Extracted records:

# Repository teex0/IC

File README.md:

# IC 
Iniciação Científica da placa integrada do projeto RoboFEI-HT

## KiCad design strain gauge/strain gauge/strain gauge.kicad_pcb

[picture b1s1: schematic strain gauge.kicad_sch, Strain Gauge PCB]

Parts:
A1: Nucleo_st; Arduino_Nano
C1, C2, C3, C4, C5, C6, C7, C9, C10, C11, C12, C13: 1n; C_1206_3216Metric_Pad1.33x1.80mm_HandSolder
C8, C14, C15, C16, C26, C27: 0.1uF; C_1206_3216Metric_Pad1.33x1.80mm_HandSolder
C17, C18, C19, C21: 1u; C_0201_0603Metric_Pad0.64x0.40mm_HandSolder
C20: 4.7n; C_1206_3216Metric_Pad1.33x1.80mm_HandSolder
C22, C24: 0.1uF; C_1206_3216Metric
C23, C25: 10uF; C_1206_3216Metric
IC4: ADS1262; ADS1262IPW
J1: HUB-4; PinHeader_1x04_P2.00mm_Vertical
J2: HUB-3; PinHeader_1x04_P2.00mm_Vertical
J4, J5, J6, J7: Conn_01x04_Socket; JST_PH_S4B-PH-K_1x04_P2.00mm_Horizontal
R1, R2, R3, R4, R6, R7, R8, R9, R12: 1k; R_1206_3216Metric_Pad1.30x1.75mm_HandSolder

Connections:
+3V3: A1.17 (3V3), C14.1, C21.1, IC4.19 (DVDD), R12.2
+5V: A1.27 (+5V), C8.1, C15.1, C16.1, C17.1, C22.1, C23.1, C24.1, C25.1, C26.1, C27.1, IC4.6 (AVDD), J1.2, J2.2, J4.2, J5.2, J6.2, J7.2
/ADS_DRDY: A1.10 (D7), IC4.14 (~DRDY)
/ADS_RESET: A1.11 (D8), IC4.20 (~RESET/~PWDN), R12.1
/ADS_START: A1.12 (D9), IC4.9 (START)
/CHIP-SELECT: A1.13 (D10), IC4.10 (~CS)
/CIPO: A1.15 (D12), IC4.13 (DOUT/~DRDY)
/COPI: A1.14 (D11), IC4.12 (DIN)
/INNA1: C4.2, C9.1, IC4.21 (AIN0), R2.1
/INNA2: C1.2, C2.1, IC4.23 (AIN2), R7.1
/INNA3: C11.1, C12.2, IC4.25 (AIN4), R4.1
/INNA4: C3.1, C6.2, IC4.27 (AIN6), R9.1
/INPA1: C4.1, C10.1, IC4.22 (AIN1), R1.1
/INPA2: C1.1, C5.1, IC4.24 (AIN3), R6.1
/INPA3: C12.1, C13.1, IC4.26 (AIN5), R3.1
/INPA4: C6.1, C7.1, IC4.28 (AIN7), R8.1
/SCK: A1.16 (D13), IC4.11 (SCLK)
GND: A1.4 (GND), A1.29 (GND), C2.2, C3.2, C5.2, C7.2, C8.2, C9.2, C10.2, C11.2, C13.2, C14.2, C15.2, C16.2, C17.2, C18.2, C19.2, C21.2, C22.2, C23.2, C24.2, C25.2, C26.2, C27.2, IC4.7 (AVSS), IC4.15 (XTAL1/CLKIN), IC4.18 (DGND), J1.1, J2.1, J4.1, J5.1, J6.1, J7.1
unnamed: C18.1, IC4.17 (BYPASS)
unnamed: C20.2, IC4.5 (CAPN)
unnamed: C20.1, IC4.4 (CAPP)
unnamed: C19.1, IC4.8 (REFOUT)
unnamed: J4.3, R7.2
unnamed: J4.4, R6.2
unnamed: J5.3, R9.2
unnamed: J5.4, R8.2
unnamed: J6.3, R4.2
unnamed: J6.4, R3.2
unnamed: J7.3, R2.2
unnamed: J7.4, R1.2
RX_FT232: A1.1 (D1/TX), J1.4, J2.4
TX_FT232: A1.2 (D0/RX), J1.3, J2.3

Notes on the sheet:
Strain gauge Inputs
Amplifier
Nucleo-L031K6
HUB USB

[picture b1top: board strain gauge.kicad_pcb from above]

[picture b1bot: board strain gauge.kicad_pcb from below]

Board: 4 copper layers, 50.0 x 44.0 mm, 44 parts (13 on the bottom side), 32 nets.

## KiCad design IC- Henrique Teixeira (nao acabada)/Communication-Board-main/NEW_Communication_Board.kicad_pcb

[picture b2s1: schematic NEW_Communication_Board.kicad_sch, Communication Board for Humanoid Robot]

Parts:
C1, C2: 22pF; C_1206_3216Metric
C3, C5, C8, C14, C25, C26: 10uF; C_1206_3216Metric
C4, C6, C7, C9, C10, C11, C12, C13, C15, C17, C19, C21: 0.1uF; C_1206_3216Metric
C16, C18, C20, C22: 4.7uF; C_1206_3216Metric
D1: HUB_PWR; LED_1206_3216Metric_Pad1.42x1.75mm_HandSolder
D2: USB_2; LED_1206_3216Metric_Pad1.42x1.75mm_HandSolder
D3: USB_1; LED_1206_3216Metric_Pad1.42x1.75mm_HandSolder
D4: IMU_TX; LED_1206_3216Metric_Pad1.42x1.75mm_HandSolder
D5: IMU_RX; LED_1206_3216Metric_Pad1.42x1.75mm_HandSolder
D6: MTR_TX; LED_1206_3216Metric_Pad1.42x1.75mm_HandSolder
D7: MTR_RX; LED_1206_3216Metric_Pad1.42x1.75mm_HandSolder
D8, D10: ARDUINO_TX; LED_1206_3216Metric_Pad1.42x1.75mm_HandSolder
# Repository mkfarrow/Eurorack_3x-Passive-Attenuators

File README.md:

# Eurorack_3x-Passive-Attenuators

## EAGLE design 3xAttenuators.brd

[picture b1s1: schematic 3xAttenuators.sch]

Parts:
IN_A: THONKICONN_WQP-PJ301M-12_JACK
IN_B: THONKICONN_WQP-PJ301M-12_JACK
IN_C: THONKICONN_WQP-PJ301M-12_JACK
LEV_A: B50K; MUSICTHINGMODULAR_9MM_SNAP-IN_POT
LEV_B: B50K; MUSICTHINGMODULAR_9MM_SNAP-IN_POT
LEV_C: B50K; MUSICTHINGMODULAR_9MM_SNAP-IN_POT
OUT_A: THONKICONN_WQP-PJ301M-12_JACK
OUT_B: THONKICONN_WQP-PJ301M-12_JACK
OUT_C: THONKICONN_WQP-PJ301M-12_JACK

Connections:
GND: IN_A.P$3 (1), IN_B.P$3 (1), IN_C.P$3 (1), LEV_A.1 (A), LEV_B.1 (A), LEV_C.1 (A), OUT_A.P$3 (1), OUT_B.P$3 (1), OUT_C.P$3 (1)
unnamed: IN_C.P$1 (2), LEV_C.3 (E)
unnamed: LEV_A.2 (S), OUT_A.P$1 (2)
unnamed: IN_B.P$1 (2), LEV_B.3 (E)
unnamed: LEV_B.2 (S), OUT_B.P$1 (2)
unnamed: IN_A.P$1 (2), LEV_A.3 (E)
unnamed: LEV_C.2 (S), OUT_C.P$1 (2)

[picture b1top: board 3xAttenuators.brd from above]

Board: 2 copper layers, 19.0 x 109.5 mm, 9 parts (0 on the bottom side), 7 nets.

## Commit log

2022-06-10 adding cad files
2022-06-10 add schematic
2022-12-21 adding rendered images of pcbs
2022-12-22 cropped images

• [WHAT THE TASK ASKS]:
Please transcribe the data above without changes, from its first line to its "[picture b1s1: schematic strain" line, and leave out anything past that.

• [RESPONSE]:
# Repository teex0/IC

File README.md:

# IC 
Iniciação Científica da placa integrada do projeto RoboFEI-HT

## KiCad design strain gauge/strain gauge/strain gauge.kicad_pcb

[picture b1s1: schematic strain gauge.kicad_sch, Strain Gauge PCB]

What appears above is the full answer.